You coming down for maxus this year?


----------



## sweet3rdgen (Jun 9, 2006)

I know you have too much class to criticize another business.

I am planning on sunday. I hope to get some of the other guys in this area and set up a drive down together.


----------



## internetautomart (Mar 8, 2004)

sweet3rdgen said:


> I know you have too much class to criticize another business.
> 
> I am planning on sunday. I hope to get some of the other guys in this area and set up a drive down together.


I had a WSP pipe on my last VE, it fit fine and worked.

I hope to see you, chances are I'll only be there on sunday as well. unless I get a car that is track worthy for the track.


----------



## ProphetVG30E (Jan 14, 2008)

seen some on ebay, but they look like crap though, but idk, 50 bucks total, worth a shot.


----------



## sweet3rdgen (Jun 9, 2006)

Brian, let me buy you a beer or two, after a couple years of internet shared input, I owe ya. If Matt could make it up it would be a perfect weekend for me. Add Mr. Gone and I have met everyone I respect on the org.

the ones on ebay are knock-offs. They may fit. Good luck. The WSP ones definitely fit.


----------



## internetautomart (Mar 8, 2004)

sweet3rdgen said:


> Brian, let me buy you a beer or two, after a couple years of internet shared input, I owe ya. If Matt could make it up it would be a perfect weekend for me. Add Mr. Gone and I have met everyone I respect on the org.
> 
> the ones on ebay are knock-offs. They may fit. Good luck. The WSP ones definitely fit.

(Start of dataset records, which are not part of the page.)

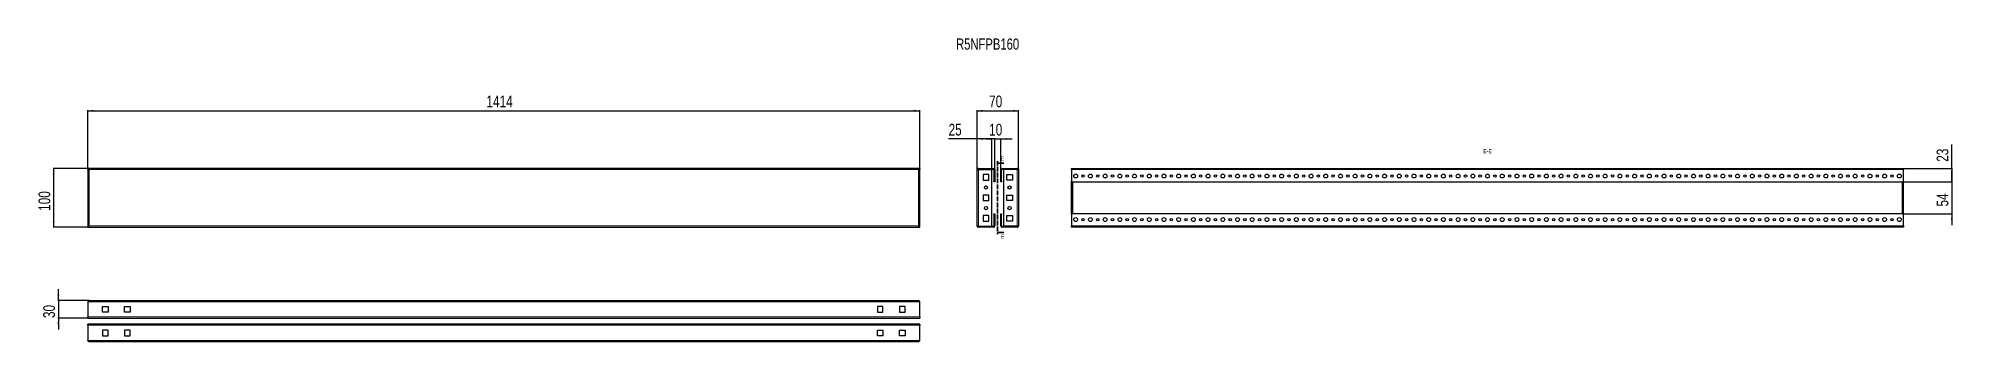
# Model space of a CAD drawing. Header units: millimetres. Extents: x -614 to 2640, y 38 to 554.
import ezdxf

# ---------------------------------------------------------------- set-up
doc = ezdxf.new("R2010")
doc.units = ezdxf.units.MM
doc.linetypes.add('CENTER', pattern=[10.16, 6.35, -1.27, 1.27, -1.27])
doc.layers.add('FORMAT', color=7, linetype='Continuous')
doc.styles.add('SLDTEXTSTYLE0', font='TXT', dxfattribs={"width": 0.75})
doc.dimstyles.new('SLDDIMSTYLE0', dxfattribs={"dimtxt": 20, "dimasz": 10, "dimexe": 0, "dimexo": 0.0625, "dimgap": 5, "dimtad": 2, "dimdec": 1, "dimrnd": 1e-09, "dimzin": 12, "dimdsep": 46, "dimtxsty": 'SLDTEXTSTYLE0', "dimsah": 1, "dimcen": 0.09, "dimadec": 0, "dimazin": 3, "dimtfac": 1, "dimtofl": 0, "dimtmove": 0, "dimatfit": 3, "dimfxl": 0, "dimfrac": 2, "dimtolj": 1, "dimtzin": 12, "dimarcsym": 0})
doc.dimstyles.new('SLDDIMSTYLE1', dxfattribs={"dimtxt": 20, "dimasz": 10, "dimexe": 0, "dimexo": 0.0625, "dimgap": 5, "dimtad": 2, "dimdec": 1, "dimrnd": 1e-09, "dimzin": 12, "dimdsep": 46, "dimtxsty": 'SLDTEXTSTYLE0', "dimsah": 1, "dimcen": 0.09, "dimadec": 0, "dimazin": 3, "dimtfac": 1, "dimtmove": 0, "dimatfit": 0, "dimfxl": 0, "dimfrac": 2, "dimtolj": 1, "dimtzin": 12, "dimarcsym": 0})

# ---------------------------------------------------------------- blocks, each defined once
blk = doc.blocks.new('_D')
at = {"layer": 'FORMAT'}
for p, q in [((-529.8, 330.6), (-529.8, 431.6)), ((-529.8, 430.6), (884.2, 430.6)), ((884.2, 330.6), (884.2, 431.6))]:
    blk.add_line(p, q, dxfattribs=at)
for points in [[(-529.8, 430.6), (-519.8, 429), (-519.8, 432.1)], [(884.2, 430.6), (874.2, 432.1), (874.2, 429)]]:
    blk.add_solid(points, dxfattribs=at)
at = {"layer": 'FORMAT', "insert": (147.7, 456.4), "char_height": 20, "attachment_point": 1, "style": 'SLDTEXTSTYLE0'}
blk.add_mtext('1414', dxfattribs=at)
blk = doc.blocks.new('_D_1')
at = {"layer": 'FORMAT'}
for p, q in [((-529.8, 332.6), (-588.9, 332.6)), ((-587.9, 332.6), (-587.9, 232.6)), ((-529.8, 232.6), (-588.9, 232.6))]:
    blk.add_line(p, q, dxfattribs=at)
for points in [[(-587.9, 332.6), (-589.5, 322.6), (-586.4, 322.6)], [(-587.9, 232.6), (-586.4, 242.6), (-589.5, 242.6)]]:
    blk.add_solid(points, dxfattribs=at)
at = {"layer": 'FORMAT', "insert": (-613.7, 260.4), "char_height": 20, "attachment_point": 1, "rotation": 90, "style": 'SLDTEXTSTYLE0'}
blk.add_mtext('100', dxfattribs=at)
blk = doc.blocks.new('_D_2')
at = {"layer": 'FORMAT'}
for p, q in [((982, 330.5), (982, 431.6)), ((982, 430.6), (1052, 430.6)), ((1052, 330.5), (1052, 431.6))]:
    blk.add_line(p, q, dxfattribs=at)
for points in [[(982, 430.6), (992, 429), (992, 432.1)], [(1052, 430.6), (1042, 432.1), (1042, 429)]]:
    blk.add_solid(points, dxfattribs=at)
at = {"layer": 'FORMAT', "insert": (1002.2, 456.4), "char_height": 20, "attachment_point": 1, "style": 'SLDTEXTSTYLE0'}
blk.add_mtext('70', dxfattribs=at)
blk = doc.blocks.new('_D_3')
at = {"layer": 'FORMAT'}
for p, q in [((1012, 382.6), (992.7, 382.6)), ((1012, 330.5), (1012, 383.6)), ((1012, 382.6), (1022, 382.6)), ((1022, 330.5), (1022, 383.6)), ((1022, 382.6), (1041.2, 382.6))]:
    blk.add_line(p, q, dxfattribs=at)
for points in [[(1012, 382.6), (1002, 384.1), (1002, 381)], [(1022, 382.6), (1032, 381), (1032, 384.1)]]:
    blk.add_solid(points, dxfattribs=at)
at = {"layer": 'FORMAT', "insert": (1002.2, 408.4), "char_height": 20, "attachment_point": 1, "style": 'SLDTEXTSTYLE0'}
blk.add_mtext('10', dxfattribs=at)
blk = doc.blocks.new('_D_4')
at = {"layer": 'FORMAT'}
for p, q in [((982, 382.6), (933.2, 382.6)), ((982, 330.5), (982, 383.6)), ((1007, 382.6), (982, 382.6)), ((1007, 330.6), (1007, 383.6))]:
    blk.add_line(p, q, dxfattribs=at)
for points in [[(982, 382.6), (992, 381), (992, 384.1)], [(1007, 382.6), (997, 384.1), (997, 381)]]:
    blk.add_solid(points, dxfattribs=at)
at = {"layer": 'FORMAT', "insert": (933.2, 408.4), "char_height": 20, "attachment_point": 1, "style": 'SLDTEXTSTYLE0'}
blk.add_mtext('25', dxfattribs=at)
blk = doc.blocks.new('_D_5')
at = {"layer": 'FORMAT'}
for p, q in [((-527.7, 108), (-580.9, 108)), ((-579.9, 108), (-579.9, 127.3)), ((-579.9, 108), (-579.9, 78)), ((-529.8, 78), (-580.9, 78)), ((-579.9, 78), (-579.9, 58.8))]:
    blk.add_line(p, q, dxfattribs=at)
for points in [[(-579.9, 108), (-578.4, 118), (-581.5, 118)], [(-579.9, 78), (-581.5, 68), (-578.4, 68)]]:
    blk.add_solid(points, dxfattribs=at)
at = {"layer": 'FORMAT', "insert": (-605.7, 78.2), "char_height": 20, "attachment_point": 1, "rotation": 90, "style": 'SLDTEXTSTYLE0'}
blk.add_mtext('30', dxfattribs=at)
blk = doc.blocks.new('_D_6')
at = {"layer": 'FORMAT'}
for p, q in [((2638.5, 309.6), (2638.5, 328.8)), ((2555.4, 309.6), (2639.5, 309.6)), ((2638.5, 309.6), (2638.5, 255.6)), ((2555.4, 255.6), (2639.5, 255.6)), ((2638.5, 255.6), (2638.5, 236.3))]:
    blk.add_line(p, q, dxfattribs=at)
for points in [[(2638.5, 309.6), (2640.1, 319.6), (2637, 319.6)], [(2638.5, 255.6), (2637, 245.6), (2640.1, 245.6)]]:
    blk.add_solid(points, dxfattribs=at)
at = {"layer": 'FORMAT', "insert": (2612.7, 267.8), "char_height": 20, "attachment_point": 1, "rotation": 90, "style": 'SLDTEXTSTYLE0'}
blk.add_mtext('54', dxfattribs=at)
blk = doc.blocks.new('_D_7')
at = {"layer": 'FORMAT'}
for p, q in [((2638.5, 332.6), (2638.5, 373.3)), ((2556.4, 332.6), (2639.5, 332.6)), ((2638.5, 332.6), (2638.5, 309.6)), ((2555.4, 309.6), (2639.5, 309.6))]:
    blk.add_line(p, q, dxfattribs=at)
for points in [[(2638.5, 332.6), (2637, 322.6), (2640.1, 322.6)], [(2638.5, 309.6), (2640.1, 319.6), (2637, 319.6)]]:
    blk.add_solid(points, dxfattribs=at)
at = {"layer": 'FORMAT', "insert": (2612.7, 343.8), "char_height": 20, "attachment_point": 1, "rotation": 90, "style": 'SLDTEXTSTYLE0'}
blk.add_mtext('23', dxfattribs=at)

msp = doc.modelspace()

# ---------------------------------------------------------------- linework, layer by layer
at = {"color": 7, "linetype": 'Continuous', "lineweight": 25}
for p, q in [((-529.78, 331.07), (-529.78, 332.57)), ((884.22, 332.57), (-529.78, 332.57)), ((-529.78, 331.07), (-529.78, 330.57)), ((-529.78, 330.57), (-529.78, 234.57)), ((-529.78, 330.57), (-528.28, 330.57)), ((884.22, 330.57), (882.72, 330.57)), ((884.22, 332.57), (884.22, 331.07)), ((884.22, 330.57), (884.22, 331.07)), ((884.22, 234.57), (884.22, 330.57)), ((981.95, 234.67), (981.95, 330.47)), ((984.05, 332.57), (984.05, 331.07)), ((984.05, 332.57), (1009.85, 332.57)), ((984.05, 331.07), (1009.85, 331.07)), ((984.05, 330.57), (1006.95, 330.57)), ((1006.95, 234.57), (1006.95, 330.57)), ((1010.45, 330.47), (1010.45, 310.57)), ((1011.95, 330.47), (1011.95, 310.57)), ((1021.95, 310.57), (1021.95, 330.47)), ((1023.45, 310.57), (1023.45, 330.47)), ((1024.05, 332.57), (1049.85, 332.57)), ((1024.05, 331.07), (1049.85, 331.07)), ((1026.95, 234.57), (1026.95, 330.57)), ((1049.85, 330.57), (1026.95, 330.57)), ((1049.85, 331.07), (1049.85, 332.57)), ((1051.95, 330.47), (1051.95, 234.67)), ((1142.36, 332.57), (2556.36, 332.57)), ((1142.36, 330.47), (1142.36, 332.57)), ((1142.36, 330.47), (1142.36, 310.57)), ((2556.36, 332.57), (2556.36, 330.47)), ((2556.36, 310.57), (2556.36, 330.47)), ((992.2, 322.32), (992.2, 312.82)), ((1001.7, 322.32), (992.2, 322.32)), ((992.2, 312.82), (1001.7, 312.82)), ((1001.7, 312.82), (1001.7, 322.32)), ((1010.45, 310.57), (1011.95, 310.57)), ((1010.45, 309.57), (1010.45, 310.57)), ((1011.95, 309.57), (1010.45, 309.57)), ((1011.95, 310.57), (1011.95, 309.57)), ((1021.95, 310.57), (1023.45, 310.57)), ((1021.95, 309.57), (1021.95, 310.57)), ((1023.45, 309.57), (1021.95, 309.57)), ((1023.45, 310.57), (1023.45, 309.57)), ((1032.2, 322.32), (1041.7, 322.32)), ((1032.2, 312.82), (1032.2, 322.32)), ((1041.7, 312.82), (1032.2, 312.82)), ((1041.7, 322.32), (1041.7, 312.82)), ((1142.36, 310.57), (1143.36, 309.57)), ((1142.36, 254.57), (1142.36, 310.57)), ((1143.36, 309.57), (2555.36, 309.57)), ((1143.86, 255.57), (1143.86, 309.57)), ((2554.86, 255.57), (2554.86, 309.57)), ((2555.36, 309.57), (2556.36, 310.57)), ((2556.36, 254.57), (2556.36, 310.57)), ((992.2, 287.32), (992.2, 277.82)), ((1001.7, 287.32), (992.2, 287.32)), ((992.2, 277.82), (1001.7, 277.82)), ((1001.7, 277.82), (1001.7, 287.32)), ((1032.2, 287.32), (1041.7, 287.32)), ((1032.2, 277.82), (1032.2, 287.32)), ((1041.7, 277.82), (1032.2, 277.82)), ((1041.7, 287.32), (1041.7, 277.82)), ((-528.28, 234.57), (-529.78, 234.57)), ((-529.78, 234.57), (-529.78, 234.07)), ((-529.78, 234.07), (-529.78, 232.57)), ((-529.78, 232.57), (884.22, 232.57)), ((882.72, 234.57), (884.22, 234.57)), ((884.22, 234.07), (884.22, 234.57)), ((884.22, 232.57), (884.22, 234.07)), ((984.05, 234.57), (1006.95, 234.57)), ((984.05, 232.57), (984.05, 234.07)), ((1009.85, 234.07), (984.05, 234.07)), ((1009.85, 232.57), (984.05, 232.57)), ((1001.7, 252.32), (992.2, 252.32)), ((992.2, 252.32), (992.2, 242.82)), ((992.2, 242.82), (1001.7, 242.82)), ((1001.7, 242.82), (1001.7, 252.32)), ((1010.45, 254.57), (1010.45, 255.57)), ((1010.45, 255.57), (1011.95, 255.57)), ((1011.95, 254.57), (1010.45, 254.57)), ((1010.45, 254.57), (1010.45, 234.67)), ((1011.95, 255.57), (1011.95, 254.57)), ((1011.95, 254.57), (1011.95, 234.67)), ((1021.95, 255.57), (1023.45, 255.57)), ((1021.95, 254.57), (1021.95, 255.57)), ((1023.45, 254.57), (1021.95, 254.57)), ((1021.95, 234.67), (1021.95, 254.57)), ((1023.45, 255.57), (1023.45, 254.57)), ((1023.45, 234.67), (1023.45, 254.57)), ((1049.85, 234.07), (1024.05, 234.07)), ((1049.85, 232.57), (1024.05, 232.57)), ((1049.85, 234.57), (1026.95, 234.57)), ((1032.2, 252.32), (1041.7, 252.32)), ((1032.2, 242.82), (1032.2, 252.32)), ((1041.7, 242.82), (1032.2, 242.82)), ((1041.7, 252.32), (1041.7, 242.82)), ((1049.85, 234.07), (1049.85, 232.57)), ((1143.36, 255.57), (1142.36, 254.57)), ((1142.36, 254.57), (1142.36, 234.67)), ((1142.36, 232.57), (1142.36, 234.67)), ((2556.36, 232.57), (1142.36, 232.57)), ((2555.36, 255.57), (1143.36, 255.57)), ((2556.36, 254.57), (2555.36, 255.57)), ((2556.36, 234.67), (2556.36, 254.57)), ((2556.36, 234.67), (2556.36, 232.57)), ((-529.78, 105.92), (-529.78, 80.12)), ((-527.68, 108.02), (882.12, 108.02)), ((-504.78, 97.77), (-495.28, 97.77)), ((-504.78, 88.27), (-504.78, 97.77)), ((-495.28, 97.77), (-495.28, 88.27)), ((-467.28, 97.77), (-457.78, 97.77)), ((-467.28, 88.27), (-467.28, 97.77)), ((-457.78, 97.77), (-457.78, 88.27)), ((821.72, 97.77), (812.22, 97.77)), ((812.22, 97.77), (812.22, 88.27)), ((821.72, 88.27), (821.72, 97.77)), ((849.72, 97.77), (849.72, 88.27)), ((859.22, 97.77), (849.72, 97.77)), ((859.22, 88.27), (859.22, 97.77)), ((884.22, 80.12), (884.22, 105.92)), ((-529.78, 78.02), (-529.78, 80.12)), ((-529.78, 78.02), (884.22, 78.02)), ((-529.78, 65.92), (-529.78, 68.02)), ((884.22, 68.02), (-529.78, 68.02)), ((-529.78, 65.92), (-529.78, 40.12)), ((-495.28, 88.27), (-504.78, 88.27)), ((-457.78, 88.27), (-467.28, 88.27)), ((812.22, 88.27), (821.72, 88.27)), ((849.72, 88.27), (859.22, 88.27)), ((884.22, 80.12), (884.22, 78.02)), ((884.22, 68.02), (884.22, 65.92)), ((884.22, 40.12), (884.22, 65.92)), ((882.12, 38.02), (-527.68, 38.02)), ((-495.28, 57.77), (-504.78, 57.77)), ((-504.78, 57.77), (-504.78, 48.27)), ((-504.78, 48.27), (-495.28, 48.27)), ((-495.28, 48.27), (-495.28, 57.77)), ((-457.78, 57.77), (-467.28, 57.77)), ((-467.28, 57.77), (-467.28, 48.27)), ((-467.28, 48.27), (-457.78, 48.27)), ((-457.78, 48.27), (-457.78, 57.77)), ((812.22, 48.27), (812.22, 57.77)), ((812.22, 57.77), (821.72, 57.77)), ((821.72, 48.27), (812.22, 48.27)), ((821.72, 57.77), (821.72, 48.27)), ((849.72, 57.77), (859.22, 57.77)), ((849.72, 48.27), (849.72, 57.77)), ((859.22, 48.27), (849.72, 48.27)), ((859.22, 57.77), (859.22, 48.27))]:
    msp.add_line(p, q, dxfattribs=at)
at = {"color": 8, "linetype": 'Continuous', "lineweight": 18}
for p, q in [((-527.68, 330.47), (-527.68, 234.67)), ((882.12, 330.47), (-527.68, 330.47)), ((882.12, 234.67), (882.12, 330.47)), ((984.05, 234.57), (984.05, 330.57)), ((1009.85, 331.07), (1009.85, 332.57)), ((1010.45, 330.47), (1011.95, 330.47)), ((1023.45, 330.47), (1021.95, 330.47)), ((1024.05, 331.07), (1024.05, 332.57)), ((1049.85, 330.57), (1049.85, 234.57)), ((1142.36, 330.47), (2556.36, 330.47)), ((1144.46, 255.57), (1144.46, 309.57)), ((2554.26, 309.57), (2554.26, 255.57)), ((-527.68, 234.67), (882.12, 234.67)), ((1009.85, 234.07), (1009.85, 232.57)), ((1010.45, 234.67), (1011.95, 234.67)), ((1023.45, 234.67), (1021.95, 234.67)), ((1024.05, 234.07), (1024.05, 232.57)), ((2556.36, 234.67), (1142.36, 234.67)), ((-529.78, 105.92), (884.22, 105.92)), ((-529.78, 80.12), (884.22, 80.12)), ((884.22, 65.92), (-529.78, 65.92)), ((884.22, 40.12), (-529.78, 40.12))]:
    msp.add_line(p, q, dxfattribs=at)
at = {"color": 7, "linetype": 'CENTER', "lineweight": 35}
msp.add_line((1016.55, 344.57), (1016.55, 220.56), dxfattribs=at)
at = {"color": 7, "linetype": 'Continuous', "lineweight": 35}
for p, q in [((1027.19, 341.57), (1016.55, 341.57)), ((1027.19, 223.56), (1016.55, 223.56))]:
    msp.add_line(p, q, dxfattribs=at)
at = {"color": 7, "linetype": 'Continuous', "lineweight": 25}
for centre, radius in [((996.95, 300.07), 2.75), ((1036.95, 300.07), 2.75), ((1149.36, 319.57), 3.25), ((1161.86, 319.57), 2.1), ((1174.36, 319.57), 3.25), ((1186.86, 319.57), 2.1), ((1199.36, 319.57), 3.25), ((1211.86, 319.57), 2.1), ((1224.36, 319.57), 3.25), ((1236.86, 319.57), 2.1), ((1249.36, 319.57), 3.25), ((1261.86, 319.57), 2.1), ((1274.36, 319.57), 3.25), ((1286.86, 319.57), 2.1), ((1299.36, 319.57), 3.25), ((1311.86, 319.57), 2.1), ((1324.36, 319.57), 3.25), ((1336.86, 319.57), 2.1), ((1349.36, 319.57), 3.25), ((1361.86, 319.57), 2.1), ((1374.36, 319.57), 3.25), ((1386.86, 319.57), 2.1), ((1399.36, 319.57), 3.25), ((1411.86, 319.57), 2.1), ((1424.36, 319.57), 3.25), ((1436.86, 319.57), 2.1), ((1449.36, 319.57), 3.25), ((1461.86, 319.57), 2.1), ((1474.36, 319.57), 3.25), ((1486.86, 319.57), 2.1), ((1499.36, 319.57), 3.25), ((1511.86, 319.57), 2.1), ((1524.36, 319.57), 3.25), ((1536.86, 319.57), 2.1), ((1549.36, 319.57), 3.25), ((1561.86, 319.57), 2.1), ((1574.36, 319.57), 3.25), ((1586.86, 319.57), 2.1), ((1599.36, 319.57), 3.25), ((1611.86, 319.57), 2.1), ((1624.36, 319.57), 3.25), ((1636.86, 319.57), 2.1), ((1649.36, 319.57), 3.25), ((1661.86, 319.57), 2.1), ((1674.36, 319.57), 3.25), ((1686.86, 319.57), 2.1), ((1699.36, 319.57), 3.25), ((1711.86, 319.57), 2.1), ((1724.36, 319.57), 3.25), ((1736.86, 319.57), 2.1), ((1749.36, 319.57), 3.25), ((1761.86, 319.57), 2.1), ((1774.36, 319.57), 3.25), ((1786.86, 319.57), 2.1), ((1799.36, 319.57), 3.25), ((1811.86, 319.57), 2.1), ((1824.36, 319.57), 3.25), ((1836.86, 319.57), 2.1), ((1849.36, 319.57), 3.25), ((1861.86, 319.57), 2.1), ((1874.36, 319.57), 3.25), ((1886.86, 319.57), 2.1), ((1899.36, 319.57), 3.25), ((1911.86, 319.57), 2.1), ((1924.36, 319.57), 3.25), ((1936.86, 319.57), 2.1), ((1949.36, 319.57), 3.25), ((1961.86, 319.57), 2.1), ((1974.36, 319.57), 3.25), ((1986.86, 319.57), 2.1), ((1999.36, 319.57), 3.25), ((2011.86, 319.57), 2.1), ((2024.36, 319.57), 3.25), ((2036.86, 319.57), 2.1), ((2049.36, 319.57), 3.25), ((2061.86, 319.57), 2.1), ((2074.36, 319.57), 3.25), ((2086.86, 319.57), 2.1), ((2099.36, 319.57), 3.25), ((2111.86, 319.57), 2.1), ((2124.36, 319.57), 3.25), ((2136.86, 319.57), 2.1), ((2149.36, 319.57), 3.25), ((2161.86, 319.57), 2.1), ((2174.36, 319.57), 3.25), ((2186.86, 319.57), 2.1), ((2199.36, 319.57), 3.25), ((2211.86, 319.57), 2.1), ((2224.36, 319.57), 3.25), ((2236.86, 319.57), 2.1), ((2249.36, 319.57), 3.25), ((2261.86, 319.57), 2.1), ((2274.36, 319.57), 3.25), ((2286.86, 319.57), 2.1), ((2299.36, 319.57), 3.25), ((2311.86, 319.57), 2.1), ((2324.36, 319.57), 3.25), ((2336.86, 319.57), 2.1), ((2349.36, 319.57), 3.25), ((2361.86, 319.57), 2.1), ((2374.36, 319.57), 3.25), ((2386.86, 319.57), 2.1), ((2399.36, 319.57), 3.25), ((2411.86, 319.57), 2.1), ((2424.36, 319.57), 3.25), ((2436.86, 319.57), 2.1), ((2449.36, 319.57), 3.25), ((2461.86, 319.57), 2.1), ((2474.36, 319.57), 3.25), ((2486.86, 319.57), 2.1), ((2499.36, 319.57), 3.25), ((2511.86, 319.57), 2.1), ((2524.36, 319.57), 3.25), ((2536.86, 319.57), 2.1), ((2549.36, 319.57), 3.25), ((996.95, 265.07), 2.75), ((1036.95, 265.07), 2.75), ((1149.36, 245.57), 3.25), ((1161.86, 245.57), 2.1), ((1174.36, 245.57), 3.25), ((1186.86, 245.57), 2.1), ((1199.36, 245.57), 3.25), ((1211.86, 245.57), 2.1), ((1224.36, 245.57), 3.25), ((1236.86, 245.57), 2.1), ((1249.36, 245.57), 3.25), ((1261.86, 245.57), 2.1), ((1274.36, 245.57), 3.25), ((1286.86, 245.57), 2.1), ((1299.36, 245.57), 3.25), ((1311.86, 245.57), 2.1), ((1324.36, 245.57), 3.25), ((1336.86, 245.57), 2.1), ((1349.36, 245.57), 3.25), ((1361.86, 245.57), 2.1), ((1374.36, 245.57), 3.25), ((1386.86, 245.57), 2.1), ((1399.36, 245.57), 3.25), ((1411.86, 245.57), 2.1), ((1424.36, 245.57), 3.25), ((1436.86, 245.57), 2.1), ((1449.36, 245.57), 3.25), ((1461.86, 245.57), 2.1), ((1474.36, 245.57), 3.25), ((1486.86, 245.57), 2.1), ((1499.36, 245.57), 3.25), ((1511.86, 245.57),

make it a coke and we're good.
Matt has a "Z" convention to go to, and I doubt shawn will show 
Wayne might, John had better be there, Josh should, don't know about others though.
Best thing we can do is spread the word.
Last year only 1 3rd gen entered the car show


----------



## MyGreenMax94 (Dec 17, 2005)

internetautomart said:


> make it a coke and we're good.
> Matt has a "Z" convention to go to, and I doubt shawn will show
> Wayne might, John had better be there, Josh should, don't know about others though.
> Best thing we can do is spread the word.
> Last year only 1 3rd gen entered the car show


Nope, won't make it this year, all my vacation time is used up.


----------



## internetautomart (Mar 8, 2004)

MyGreenMax94 said:


> Nope, won't make it this year, all my vacation time is used up.


send the wife :naughty:


----------



## sweet3rdgen (Jun 9, 2006)

internetautomart said:


> Last year only 1 3rd gen entered the car show



Coke it is then. Now I feel obliged to show up.


----------



## internetautomart (Mar 8, 2004)

sweet3rdgen said:


> Coke it is then. Now I feel obliged to show up.


at least someone will.
people have been dropping out as of late.


----------



## sweet3rdgen (Jun 9, 2006)

I saw that. I don't understand people. All year long they talk of going to Maxus. They say how they want a track day or want to get together, and then when the CMC guys put all of the effort and time into getting it together, they back out with excuses. I am disappointed, probably not as disappointed as you all are. Count me in DEFINITELY, at least for Sunday.


----------



## internetautomart (Mar 8, 2004)

I've got nothing to do with CMC anymore. I'm still working with the members doing maxus as I have previously, I'm just not on the board anymore.


----------



## sweet3rdgen (Jun 9, 2006)

I obviously have not been there for about a year myself. Just lost interest, summer came played with the Chally.


----------